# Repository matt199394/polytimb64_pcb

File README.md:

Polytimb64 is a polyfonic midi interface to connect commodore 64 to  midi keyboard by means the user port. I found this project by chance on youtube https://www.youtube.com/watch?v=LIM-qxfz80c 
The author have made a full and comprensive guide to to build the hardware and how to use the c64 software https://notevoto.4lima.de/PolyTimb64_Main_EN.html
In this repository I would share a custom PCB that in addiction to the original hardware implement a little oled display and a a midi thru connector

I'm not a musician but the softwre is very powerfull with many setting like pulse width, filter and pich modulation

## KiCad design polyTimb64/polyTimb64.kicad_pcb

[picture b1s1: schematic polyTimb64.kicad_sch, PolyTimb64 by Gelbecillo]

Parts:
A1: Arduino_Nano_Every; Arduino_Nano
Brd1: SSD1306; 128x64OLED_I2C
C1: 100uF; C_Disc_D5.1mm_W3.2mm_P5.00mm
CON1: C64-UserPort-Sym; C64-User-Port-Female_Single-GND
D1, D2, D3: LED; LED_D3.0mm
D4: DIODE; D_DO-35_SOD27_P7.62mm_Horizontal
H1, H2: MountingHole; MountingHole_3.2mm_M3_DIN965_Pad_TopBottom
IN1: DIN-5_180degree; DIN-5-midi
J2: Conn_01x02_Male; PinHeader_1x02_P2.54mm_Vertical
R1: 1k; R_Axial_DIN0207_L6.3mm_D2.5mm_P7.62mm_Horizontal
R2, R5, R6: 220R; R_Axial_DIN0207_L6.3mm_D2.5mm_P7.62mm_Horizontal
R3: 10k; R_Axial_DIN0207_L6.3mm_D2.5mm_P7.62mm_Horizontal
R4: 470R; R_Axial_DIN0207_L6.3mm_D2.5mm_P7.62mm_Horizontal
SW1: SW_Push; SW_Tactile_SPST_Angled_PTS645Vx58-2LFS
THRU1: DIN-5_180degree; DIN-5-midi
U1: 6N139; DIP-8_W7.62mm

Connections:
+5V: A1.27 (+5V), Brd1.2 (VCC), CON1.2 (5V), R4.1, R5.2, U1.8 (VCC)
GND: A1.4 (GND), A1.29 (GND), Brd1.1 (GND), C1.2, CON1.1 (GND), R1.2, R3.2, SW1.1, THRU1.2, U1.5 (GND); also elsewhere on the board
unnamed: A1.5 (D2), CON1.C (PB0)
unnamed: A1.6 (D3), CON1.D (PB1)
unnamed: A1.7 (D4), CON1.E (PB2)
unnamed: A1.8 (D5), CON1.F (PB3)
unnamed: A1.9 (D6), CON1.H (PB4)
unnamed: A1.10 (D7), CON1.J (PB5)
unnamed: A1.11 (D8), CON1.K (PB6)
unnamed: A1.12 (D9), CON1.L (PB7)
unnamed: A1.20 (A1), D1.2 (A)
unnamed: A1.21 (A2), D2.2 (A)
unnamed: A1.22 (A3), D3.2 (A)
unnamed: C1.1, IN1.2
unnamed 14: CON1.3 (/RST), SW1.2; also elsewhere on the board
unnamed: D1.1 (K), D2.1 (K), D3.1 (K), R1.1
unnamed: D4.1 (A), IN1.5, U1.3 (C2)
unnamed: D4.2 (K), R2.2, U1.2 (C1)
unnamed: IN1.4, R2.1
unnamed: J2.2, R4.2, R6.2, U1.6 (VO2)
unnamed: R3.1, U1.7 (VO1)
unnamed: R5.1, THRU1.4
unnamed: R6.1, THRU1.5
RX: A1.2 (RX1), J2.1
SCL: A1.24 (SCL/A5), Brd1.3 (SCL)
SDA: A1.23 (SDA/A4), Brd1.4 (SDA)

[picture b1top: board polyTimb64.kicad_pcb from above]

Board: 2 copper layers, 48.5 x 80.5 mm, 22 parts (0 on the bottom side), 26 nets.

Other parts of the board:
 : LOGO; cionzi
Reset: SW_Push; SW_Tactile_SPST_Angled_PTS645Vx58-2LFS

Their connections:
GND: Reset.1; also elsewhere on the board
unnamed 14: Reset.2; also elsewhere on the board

☆ ☆ ☆ ☆

ACTIVITY >> Reproduce all of the material verbatim.

TASK RESULT >>
# Repository matt199394/polytimb64_pcb

File README.md:

Polytimb64 is a polyfonic midi interface to connect commodore 64 to  midi keyboard by means the user port. I found this project by chance on youtube https://www.youtube.com/watch?v=LIM-qxfz80c 
The author have made a full and comprensive guide to to build the hardware and how to use the c64 software https://notevoto.4lima.de/PolyTimb64_Main_EN.html
In this repository I would share a custom PCB that in addiction to the original hardware implement a little oled display and a a midi thru connector

I'm not a musician but the softwre is very powerfull with many setting like pulse width, filter and pich modulation

## KiCad design polyTimb64/polyTimb64.kicad_pcb

[picture b1s1: schematic polyTimb64.kicad_sch, PolyTimb64 by Gelbecillo]

Parts:
A1: Arduino_Nano_Every; Arduino_Nano
Brd1: SSD1306; 128x64OLED_I2C
C1: 100uF; C_Disc_D5.1mm_W3.2mm_P5.00mm
CON1: C64-UserPort-Sym; C64-User-Port-Female_Single-GND
D1, D2, D3: LED; LED_D3.0mm
D4: DIODE; D_DO-35_SOD27_P7.62mm_Horizontal
H1, H2: MountingHole; MountingHole_3.2mm_M3_DIN965_Pad_TopBottom
IN1: DIN-5_180degree; DIN-5-midi
J2: Conn_01x02_Male; PinHeader_1x02_P2.54mm_Vertical
R1: 1k; R_Axial_DIN0207_L6.3mm_D2.5mm_P7.62mm_Horizontal
R2, R5, R6: 220R; R_Axial_DIN0207_L6.3mm_D2.5mm_P7.62mm_Horizontal
R3: 10k; R_Axial_DIN0207_L6.3mm_D2.5mm_P7.62mm_Horizontal
R4: 470R; R_Axial_DIN0207_L6.3mm_D2.5mm_P7.62mm_Horizontal
SW1: SW_Push; SW_Tactile_SPST_Angled_PTS645Vx58-2LFS
THRU1: DIN-5_180degree; DIN-5-midi
U1: 6N139; DIP-8_W7.62mm

Connections:
+5V: A1.27 (+5V), Brd1.2 (VCC), CON1.2 (5V), R4.1, R5.2, U1.8 (VCC)
GND: A1.4 (GND), A1.29 (GND), Brd1.1 (GND), C1.2, CON1.1 (GND), R1.2, R3.2, SW1.1, THRU1.2, U1.5 (GND); also elsewhere on the board
unnamed: A1.5 (D2), CON1.C (PB0)
unnamed: A1.6 (D3), CON1.D (PB1)
unnamed: A1.7 (D4), CON1.E (PB2)
unnamed: A1.8 (D5), CON1.F (PB3)
unnamed: A1.9 (D6), CON1.H (PB4)
unnamed: A1.10 (D7), CON1.J (PB5)
unnamed: A1.11 (D8), CON1.K (PB6)
unnamed: A1.12 (D9), CON1.L (PB7)
unnamed: A1.20 (A1), D1.2 (A)
unnamed: A1.21 (A2), D2.2 (A)
unnamed: A1.22 (A3), D3.2 (A)
unnamed: C1.1, IN1.2
unnamed 14: CON1.3 (/RST), SW1.2; also elsewhere on the board
unnamed: D1.1 (K), D2.1 (K), D3.1 (K), R1.1
unnamed: D4.1 (A), IN1.5, U1.3 (C2)
unnamed: D4.2 (K), R2.2, U1.2 (C1)
unnamed: IN1.4, R2.1
unnamed: J2.2, R4.2, R6.2, U1.6 (VO2)
unnamed: R3.1, U1.7 (VO1)
unnamed: R5.1, THRU1.4
unnamed: R6.1, THRU1.5
RX: A1.2 (RX1), J2.1
SCL: A1.24 (SCL/A5), Brd1.3 (SCL)
SDA: A1.23 (SDA/A4), Brd1.4 (SDA)

[picture b1top: board polyTimb64.kicad_pcb from above]

Board: 2 copper layers, 48.5 x 80.5 mm, 22 parts (0 on the bottom side), 26 nets.

Other parts of the board:
 : LOGO; cionzi
Reset: SW_Push; SW_Tactile_SPST_Angled_PTS645Vx58-2LFS

Their connections:
GND: Reset.1; also elsewhere on the board
unnamed 14: Reset.2; also elsewhere on the board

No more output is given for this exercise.